= Richard Sutton (British Army officer) =

British Army officer

Richard Sutton (16 January 1674 – 23 July 1737), of Scofton, Nottinghamshire, was a British Army officer who fought in the War of Spanish Succession, and a politician who sat in the House of Commons between 1708 and 1737. He was primarily a Whig, but on occasion voted as a Tory.

==Biography==
Sutton was the second son of Robert Sutton of Averham, Nottinghamshire and his wife Katherine Sherborne, daughter of Rev. William Sherborne, DD, of Pembridge, Herefordshire. His elder brother was the diplomat Robert Sutton.

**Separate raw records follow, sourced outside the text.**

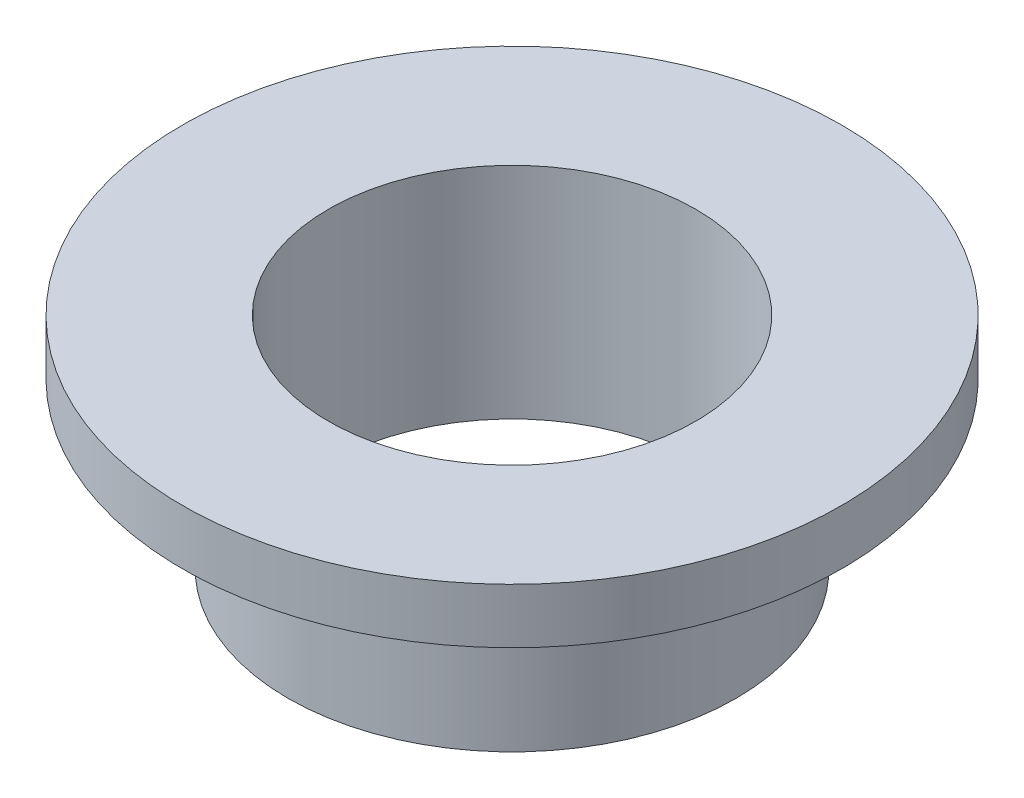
from build123d import *


with BuildPart() as part:
    # Sketch1 → Revolve1 (revolve)
    with BuildSketch(Plane.XY, mode=Mode.PRIVATE) as revolve1_sk:
        Polygon((-2.6543, 0.79375), (-4.7625, 0.79375), (-4.7625, 0), (-3.2385, 0), (-3.2385, -2.38125), (-2.6543, -2.38125), align=None)
    revolve(revolve1_sk.sketch.rotate(Axis((0, 0, 0), (0, 1, 0)), 270), axis=Axis((0, 0, 0), (0, 1, 0)))


solid = part.part
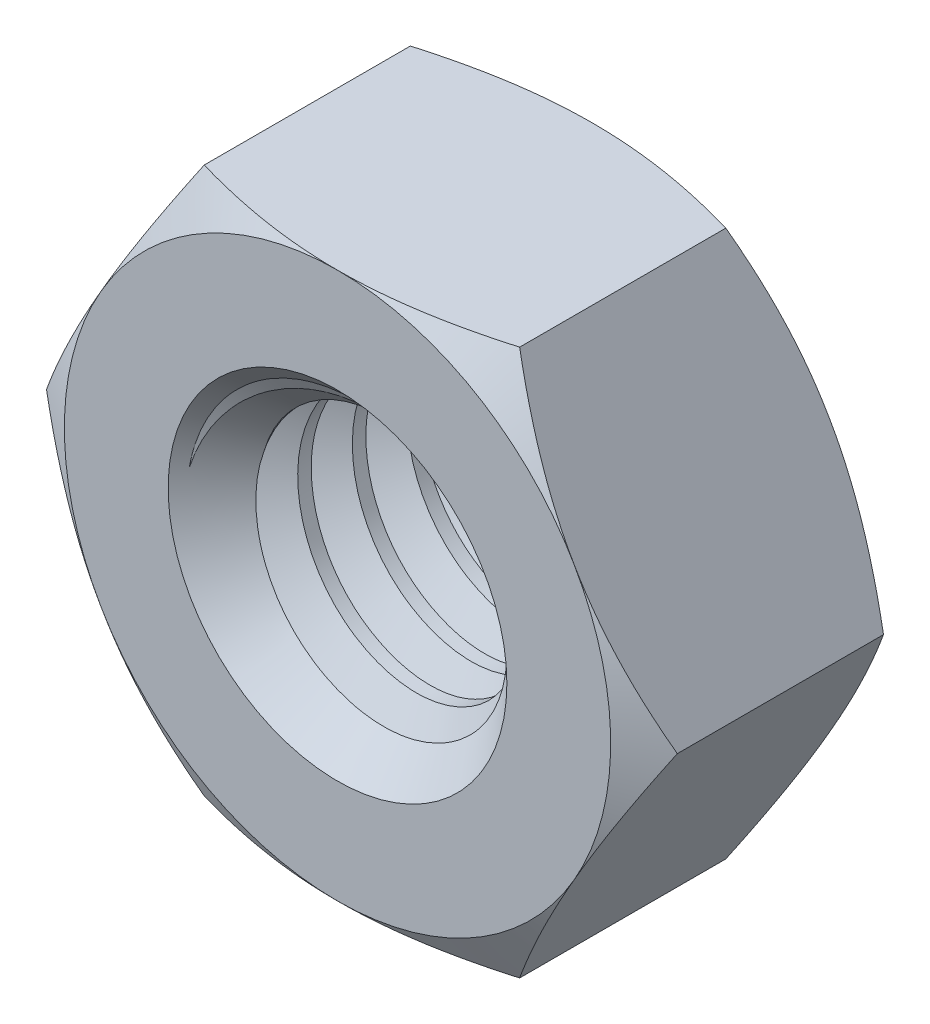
ISO-10303-21;
HEADER;
FILE_DESCRIPTION(('STEP AP214'),'2;1');
FILE_NAME('part.step','',(''),(''),'','','');
FILE_SCHEMA(('AUTOMOTIVE_DESIGN { 1 0 10303 214 1 1 1 1 }'));
ENDSEC;
DATA;
#1=APPLICATION_CONTEXT('core data for automotive mechanical design processes');
#2=APPLICATION_PROTOCOL_DEFINITION('international standard','automotive_design',2000,#1);
#3=PRODUCT_CONTEXT('',#1,'mechanical');
#4=PRODUCT('Part','Part','',(#3));
#5=PRODUCT_RELATED_PRODUCT_CATEGORY('part','',(#4));
#6=PRODUCT_DEFINITION_FORMATION('','',#4);
#7=PRODUCT_DEFINITION_CONTEXT('part definition',#1,'design');
#8=PRODUCT_DEFINITION('design','',#6,#7);
#9=PRODUCT_DEFINITION_SHAPE('','',#8);
#10=(LENGTH_UNIT() NAMED_UNIT(*) SI_UNIT(.MILLI.,.METRE.));
#11=(NAMED_UNIT(*) PLANE_ANGLE_UNIT() SI_UNIT($,.RADIAN.));
#12=(NAMED_UNIT(*) SI_UNIT($,.STERADIAN.) SOLID_ANGLE_UNIT());
#13=UNCERTAINTY_MEASURE_WITH_UNIT(LENGTH_MEASURE(1.E-05),#10,'distance_accuracy_value','');
#14=(GEOMETRIC_REPRESENTATION_CONTEXT(3) GLOBAL_UNCERTAINTY_ASSIGNED_CONTEXT((#13)) GLOBAL_UNIT_ASSIGNED_CONTEXT((#10,
#11,#12)) REPRESENTATION_CONTEXT('',''));
#15=CARTESIAN_POINT('',(0.,0.,0.));
#16=DIRECTION('',(0.,0.,1.));
#17=DIRECTION('',(1.,0.,0.));
#18=AXIS2_PLACEMENT_3D('',#15,#16,#17);
#19=CARTESIAN_POINT('',(0.,0.,2.8));
#20=DIRECTION('',(0.,0.,-1.));
#21=DIRECTION('',(-1.,0.,0.));
#22=AXIS2_PLACEMENT_3D('',#19,#20,#21);
#23=CYLINDRICAL_SURFACE('',#22,1.36);
#24=CARTESIAN_POINT('',(1.35990850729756,0.0157750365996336,-0.22466628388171));
#25=CARTESIAN_POINT('',(1.35080078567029,0.800918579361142,-0.17466628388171));
#26=CARTESIAN_POINT('',(0.666292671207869,1.18560283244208,-0.12466628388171));
#27=CARTESIAN_POINT('',(-0.0182154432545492,1.57028708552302,-0.0746662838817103));
#28=CARTESIAN_POINT('',(-0.693615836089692,1.16982779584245,-0.0246662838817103));
#29=CARTESIAN_POINT('',(-1.36901622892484,0.769368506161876,0.0253337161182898));
#30=CARTESIAN_POINT('',(-1.35990850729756,-0.0157750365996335,0.0753337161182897));
#31=CARTESIAN_POINT('',(-1.35080078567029,-0.800918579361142,0.12533371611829));
#32=CARTESIAN_POINT('',(-0.666292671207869,-1.18560283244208,0.17533371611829));
#33=CARTESIAN_POINT('',(0.0182154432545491,-1.57028708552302,0.22533371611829));
#34=CARTESIAN_POINT('',(0.693615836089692,-1.16982779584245,0.27533371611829));
#35=CARTESIAN_POINT('',(1.36901622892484,-0.769368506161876,0.32533371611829));
#36=CARTESIAN_POINT('',(1.35990850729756,0.0157750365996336,0.37533371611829));
#37=CARTESIAN_POINT('',(1.35080078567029,0.800918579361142,0.42533371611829));
#38=CARTESIAN_POINT('',(0.666292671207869,1.18560283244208,0.47533371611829));
#39=CARTESIAN_POINT('',(-0.0182154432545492,1.57028708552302,0.52533371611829));
#40=CARTESIAN_POINT('',(-0.693615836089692,1.16982779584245,0.57533371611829));
#41=CARTESIAN_POINT('',(-1.36901622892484,0.769368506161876,0.62533371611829));
#42=CARTESIAN_POINT('',(-1.35990850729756,-0.0157750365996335,0.67533371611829));
#43=CARTESIAN_POINT('',(-1.35080078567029,-0.800918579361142,0.72533371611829));
#44=CARTESIAN_POINT('',(-0.666292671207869,-1.18560283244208,0.77533371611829));
#45=CARTESIAN_POINT('',(0.0182154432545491,-1.57028708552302,0.82533371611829));
#46=CARTESIAN_POINT('',(0.693615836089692,-1.16982779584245,0.875333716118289));
#47=CARTESIAN_POINT('',(1.36901622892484,-0.769368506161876,0.92533371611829));
#48=CARTESIAN_POINT('',(1.35990850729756,0.0157750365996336,0.97533371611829));
#49=CARTESIAN_POINT('',(1.35080078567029,0.800918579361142,1.02533371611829));
#50=CARTESIAN_POINT('',(0.666292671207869,1.18560283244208,1.07533371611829));
#51=CARTESIAN_POINT('',(-0.0182154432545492,1.57028708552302,1.12533371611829));
#52=CARTESIAN_POINT('',(-0.693615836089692,1.16982779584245,1.17533371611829));
#53=CARTESIAN_POINT('',(-1.36901622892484,0.769368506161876,1.22533371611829));
#54=CARTESIAN_POINT('',(-1.35990850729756,-0.0157750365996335,1.27533371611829));
#55=CARTESIAN_POINT('',(-1.35080078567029,-0.800918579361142,1.32533371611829));
#56=CARTESIAN_POINT('',(-0.666292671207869,-1.18560283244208,1.37533371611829));
#57=CARTESIAN_POINT('',(0.0182154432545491,-1.57028708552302,1.42533371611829));
#58=CARTESIAN_POINT('',(0.693615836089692,-1.16982779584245,1.47533371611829));
#59=CARTESIAN_POINT('',(1.36901622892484,-0.769368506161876,1.52533371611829));
#60=CARTESIAN_POINT('',(1.35990850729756,0.0157750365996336,1.57533371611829));
#61=CARTESIAN_POINT('',(1.35080078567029,0.800918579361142,1.62533371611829));
#62=CARTESIAN_POINT('',(0.666292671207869,1.18560283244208,1.67533371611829));
#63=CARTESIAN_POINT('',(-0.0182154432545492,1.57028708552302,1.72533371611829));
#64=CARTESIAN_POINT('',(-0.693615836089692,1.16982779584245,1.77533371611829));
#65=CARTESIAN_POINT('',(-1.36901622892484,0.769368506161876,1.82533371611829));
#66=CARTESIAN_POINT('',(-1.35990850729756,-0.0157750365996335,1.87533371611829));
#67=CARTESIAN_POINT('',(-1.35080078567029,-0.800918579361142,1.92533371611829));
#68=CARTESIAN_POINT('',(-0.666292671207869,-1.18560283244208,1.97533371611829));
#69=CARTESIAN_POINT('',(0.0182154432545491,-1.57028708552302,2.02533371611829));
#70=CARTESIAN_POINT('',(0.693615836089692,-1.16982779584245,2.07533371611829));
#71=CARTESIAN_POINT('',(1.36901622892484,-0.769368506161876,2.12533371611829));
#72=CARTESIAN_POINT('',(1.35990850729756,0.0157750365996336,2.17533371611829));
#73=CARTESIAN_POINT('',(1.35080078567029,0.800918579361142,2.22533371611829));
#74=CARTESIAN_POINT('',(0.666292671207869,1.18560283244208,2.27533371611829));
#75=CARTESIAN_POINT('',(-0.0182154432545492,1.57028708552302,2.32533371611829));
#76=CARTESIAN_POINT('',(-0.693615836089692,1.16982779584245,2.37533371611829));
#77=CARTESIAN_POINT('',(-1.36901622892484,0.769368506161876,2.42533371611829));
#78=CARTESIAN_POINT('',(-1.35990850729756,-0.0157750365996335,2.47533371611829));
#79=CARTESIAN_POINT('',(-1.35080078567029,-0.800918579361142,2.52533371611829));
#80=CARTESIAN_POINT('',(-0.666292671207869,-1.18560283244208,2.57533371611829));
#81=CARTESIAN_POINT('',(0.0182154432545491,-1.57028708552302,2.62533371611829));
#82=CARTESIAN_POINT('',(0.693615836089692,-1.16982779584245,2.67533371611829));
#83=CARTESIAN_POINT('',(1.36901622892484,-0.769368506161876,2.72533371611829));
#84=CARTESIAN_POINT('',(1.35990850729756,0.0157750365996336,2.77533371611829));
#85=CARTESIAN_POINT('',(1.35080078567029,0.800918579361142,2.82533371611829));
#86=CARTESIAN_POINT('',(0.666292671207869,1.18560283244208,2.87533371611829));
#87=CARTESIAN_POINT('',(-0.0182154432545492,1.57028708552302,2.92533371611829));
#88=CARTESIAN_POINT('',(-0.693615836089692,1.16982779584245,2.97533371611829));
#89=CARTESIAN_POINT('',(-1.36901622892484,0.769368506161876,3.02533371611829));
#90=CARTESIAN_POINT('',(-1.35990850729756,-0.0157750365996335,3.07533371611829));
#91=CARTESIAN_POINT('',(-1.35080078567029,-0.800918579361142,3.12533371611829));
#92=CARTESIAN_POINT('',(-0.666292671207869,-1.18560283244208,3.17533371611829));
#93=CARTESIAN_POINT('',(0.0182154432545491,-1.57028708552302,3.22533371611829));
#94=CARTESIAN_POINT('',(0.693615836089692,-1.16982779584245,3.27533371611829));
#95=CARTESIAN_POINT('',(1.36901622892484,-0.769368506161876,3.32533371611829));
#96=CARTESIAN_POINT('',(1.35990850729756,0.0157750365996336,3.37533371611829));
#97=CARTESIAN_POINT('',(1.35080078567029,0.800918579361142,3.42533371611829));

Sutton was appointed ensign in Viscount Castleton's Regiment of Foot on 1 April 1690 and served in Ireland and in Flanders under King William III. He was afterwards promoted to major in the 8th Regiment of Foot, with which he served at the battles of Schellenberg and Blenheim in 1704, at the forcing of the French lines at Helixem in 1705, and at the Battle of Ramillies in 1706. Being afterwards promoted to the lieutenant-colonelcy, he commanded the regiment at the battle of Oudenarde in 1708.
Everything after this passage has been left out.